**Requirement**
When the line containing "h.set_pattern_fill('FP_47', color=9, style=0, pattern_type=2)" appears in the entries below, begin printing there and stop after the line containing "edge.add_line((-1740.9, 889.3), (-1740.9, 960.8))"; print each of those lines exactly and no other line.

──────── Data for review

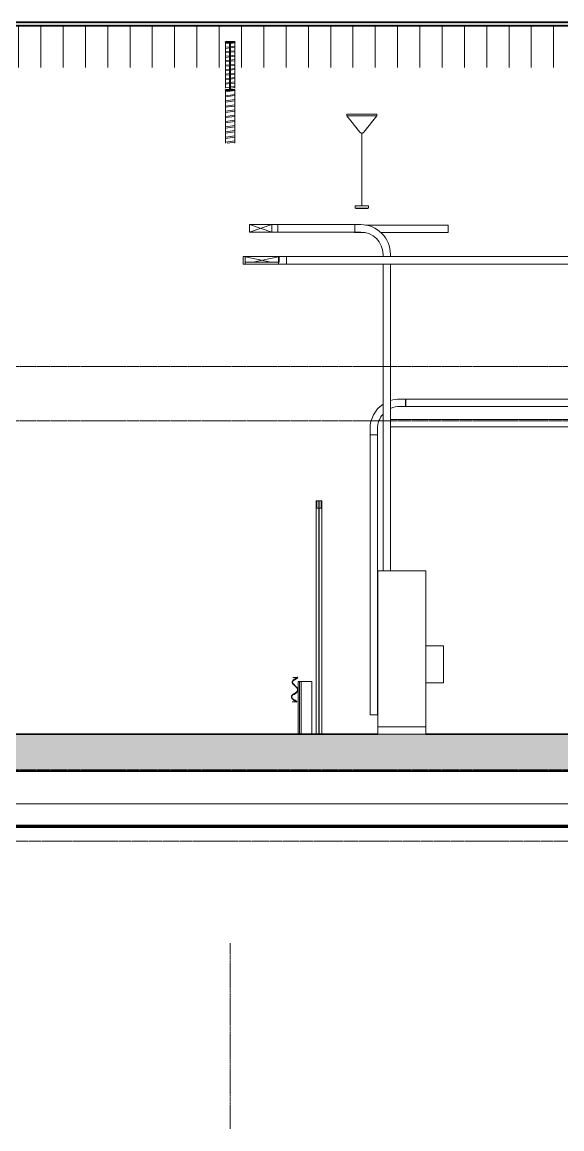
# Model space of a CAD drawing. Header units: centimetres. Extents: x -11896 to 2794, y -437 to 1921.
# Drawn here: x -576 to 150, y -437 to 1052 of the extents above; entities that cross this region are included whole.
import ezdxf

# ---------------------------------------------------------------- set-up
doc = ezdxf.new("R2010")
doc.units = ezdxf.units.CM
doc.linetypes.add('Centre', pattern=[3.175, 0.635, -0.475, 1.59, -0.475])
doc.linetypes.add('Grid Line', pattern=[2.2225, 1.27, -0.3175, 0.3175, -0.3175])
for name, color, linetype, lineweight in [('A-FLOR', 7, 'Continuous', 9), ('A-FLOR-LEVL', 7, 'Continuous', 9), ('A-FLOR-PATT', 7, 'Continuous', 35), ('A-GENM', 7, 'Continuous', 9), ('A-ROOF', 7, 'Continuous', 9), ('A-ROOF-PATT', 7, 'Continuous', 35), ('C-BLDG-PADS', 7, 'Continuous', 9), ('C-TOPO', 7, 'Continuous', 9), ('E-CABL-TRAY', 7, 'Continuous', 9), ('E-ELEC-EQPM', 7, 'Continuous', 9), ('E-LITE-EQPM', 7, 'Continuous', 9), ('S-BEAM', 7, 'Continuous', 9), ('S-GRID', 7, 'Continuous', 9)]:
    doc.layers.add(name, color=color, linetype=linetype, lineweight=lineweight)
doc.layers.add('E-CABL-TRAY-ANNO', color=7, linetype='Continuous', lineweight=9, true_color=0x007f00)
pattern_1 = [(6.825, (-5061.785, 1020.789), (-25.144905, 3.01018), []), (6.825, (-5061.785, 1025.35), (-25.144905, 3.01018), [])]

# ---------------------------------------------------------------- blocks, each defined once
blk = doc.blocks.new('PQ_RVR_EST-01_ZZ_ZZ_MO_T_A_rvt-2-Sección 2-2')
at = {"layer": 'A-FLOR-PATT', "lineweight": 9, "true_color": 0x9a9a9a}
blk.add_hatch(color=253, dxfattribs=at).paths.add_polyline_path([(-115.5, 44), (-115.5, 94), (-5125.2, 94), (-5125.2, 44), (-133.4, 44)])
at = {"layer": 'S-BEAM', "true_color": 0xc0c0c0}
h = blk.add_hatch(dxfattribs=at)
h.set_pattern_fill('FP_7', color=9, style=0, pattern_type=2)
h.set_pattern_definition([(45, (-5061.785, 712), (-25.1447, 25.1447), []), (45, (-5061.785, 750.1), (-25.1447, 25.1447), [])])
h.paths.add_polyline_path([(-1740.9, 960.8), (-1740.9, 961.3), (-1746.8, 961.3), (-1746.8, 1025.3), (-1740.9, 1025.3), (-1740.9, 1025.9), (-1753.4, 1025.9), (-1753.4, 1025.3), (-1747.6, 1025.3), (-1747.6, 961.3), (-1753.4, 961.3), (-1753.4, 960.8)])
h = blk.add_hatch(dxfattribs=at)
h.set_pattern_fill('FP_48', color=9, style=0, pattern_type=2)
h.set_pattern_definition(pattern_1)
edge = h.paths.add_edge_path()
edge.add_line((-1747.6, 963.7), (-1747.6, 1025.3))
edge.add_line((-1747.6, 1025.3), (-1753.4, 1025.3))
edge.add_line((-1753.4, 1025.3), (-1753.4, 963.7))
h = blk.add_hatch(dxfattribs=at)
h.set_pattern_fill('FP_48', color=9, style=0, pattern_type=2)
h.set_pattern_definition(pattern_1)
edge = h.paths.add_edge_path()
edge.add_line((-1740.9, 963.7), (-1740.9, 1025.3))
edge.add_line((-1740.9, 1025.3), (-1746.8, 1025.2))
edge.add_line((-1746.8, 1025.2), (-1746.8, 963.7))
h = blk.add_hatch(dxfattribs=at)
h.set_pattern_fill('FP_47', color=9, style=0, pattern_type=2)
h.set_pattern_definition([(7.888, (-5061.785, 955.983), (-25.145069, 3.48413), []), (7.888, (-5061.785, 961.262), (-25.145069, 3.48413), [])])
edge = h.paths.add_edge_path()
edge.add_line((-1740.9, 889.3), (-1740.9, 960.8))
edge.add_line((-1740.9, 960.8), (-1753.4, 960.8))
edge.add_line((-1753.4, 960.8), (-1753.4, 889.3))
at = {"layer": 'A-FLOR', "lineweight": 35}
for p, q in [((-1548.5, 94), (-2725, 94)), ((-327.2, 94), (-1483.5, 94)), ((-5125.2, 44), (-233.4, 44))]:
    blk.add_line(p, q, dxfattribs=at)
at = {"layer": 'S-BEAM', "lineweight": 35}
for p, q in [((-1740.9, 1025.9), (-1753.4, 1025.9)), ((-1753.4, 1025.9), (-1753.4, 1025.3)), ((-1753.4, 1025.3), (-1747.6, 1025.3)), ((-1747.6, 1025.3), (-1747.6, 961.3)), ((-1746.8, 961.3), (-1746.8, 1025.3)), ((-1746.8, 1025.3), (-1740.9, 1025.3)), ((-1740.9, 1025.3), (-1740.9, 1025.9)), ((-1747.6, 961.3), (-1753.4, 961.3)), ((-1753.4, 961.3), (-1753.4, 960.8)), ((-1753.4, 960.8), (-1740.9, 960.8)), ((-1740.9, 961.3), (-1746.8, 961.3)), ((-1740.9, 960.8), (-1740.9, 961.3))]:
    blk.add_line(p, q, dxfattribs=at)
at = {"layer": 'S-BEAM'}
for p, q in [((-1753.4, 1025.3), (-1753.4, 963.7)), ((-1740.9, 1025.3), (-1740.9, 963.7)), ((-1753.4, 960.8), (-1753.4, 889.3)), ((-1740.9, 960.8), (-1740.9, 889.3))]:
    blk.add_line(p, q, dxfattribs=at)
blk = doc.blocks.new('EPC_Curva 90_ Exterior - Curva 90_ Exterior-1054117-Sección 2-2')
at = {"layer": 'E-CABL-TRAY'}
for p, q in [((-1518.8, 545.1), (-1518.8, 545.1)), ((-1518.8, 545.1), (-1510.8, 545.1)), ((-1510.8, 545.1), (-1510.8, 535.1)), ((-1510.8, 535.1), (-1518.8, 535.1)), ((-1558.8, 505.1), (-1558.8, 497.1)), ((-1558.8, 497.1), (-1558.8, 505.1)), ((-1558.8, 497.1), (-1548.8, 497.1)), ((-1558.8, 497.1), (-1558.8, 497.1)), ((-1548.8, 497.1), (-1548.8, 505.1))]:
    blk.add_line(p, q, dxfattribs=at)
for major_axis, start_param, end_param in [((0, 40), 0.598139, 1.570796), ((0, 40), 0.597725, 1.570796), ((0, 40), 0, 0.316394), ((0, 40), 0.174533, 0.177282), ((0, 30), 0.849924, 1.570796), ((0, 30), 0, 0.428268)]:
    blk.add_ellipse((-1518.8, 505.1), major_axis=major_axis, ratio=0.999986, start_param=start_param, end_param=end_param, dxfattribs=at)
blk = doc.blocks.new('EPC_Curva 90_ Exterior - Curva 90_ Exterior-V165-Sección 2-2')
at = {"layer": 'E-CABL-TRAY'}
for p, q in [((-1571.3, 779.8), (-1579.3, 779.8)), ((-1579.3, 779.8), (-1579.3, 769.8)), ((-1579.3, 769.8), (-1571.3, 769.8)), ((-1541.3, 736.8), (-1541.3, 739.8)), ((-1531.3, 739.8), (-1531.3, 736.8))]:
    blk.add_line(p, q, dxfattribs=at)
for radius in [40, 30]:
    blk.add_arc((-1571.3, 739.8), radius, 0, 90, dxfattribs=at)
blk = doc.blocks.new('EPC_Derivación_T_ - Derivación_T_-1464053-Sección 2-2')
at = {"layer": 'E-CABL-TRAY'}
for p, q in [((-1690.8, 779.8), (-1690.7, 779.8)), ((-1690.7, 779.8), (-1682.7, 779.8)), ((-1682.7, 769.8), (-1682.7, 779.8)), ((-1690.7, 769.8), (-1690.8, 769.8)), ((-1682.7, 769.8), (-1690.7, 769.8))]:
    blk.add_line(p, q, dxfattribs=at)
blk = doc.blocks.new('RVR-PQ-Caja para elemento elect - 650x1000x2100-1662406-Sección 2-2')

────────────────

**Reply**
h.set_pattern_fill('FP_47', color=9, style=0, pattern_type=2)
h.set_pattern_definition([(7.888, (-5061.785, 955.983), (-25.145069, 3.48413), []), (7.888, (-5061.785, 961.262), (-25.145069, 3.48413), [])])
edge = h.paths.add_edge_path()
edge.add_line((-1740.9, 889.3), (-1740.9, 960.8))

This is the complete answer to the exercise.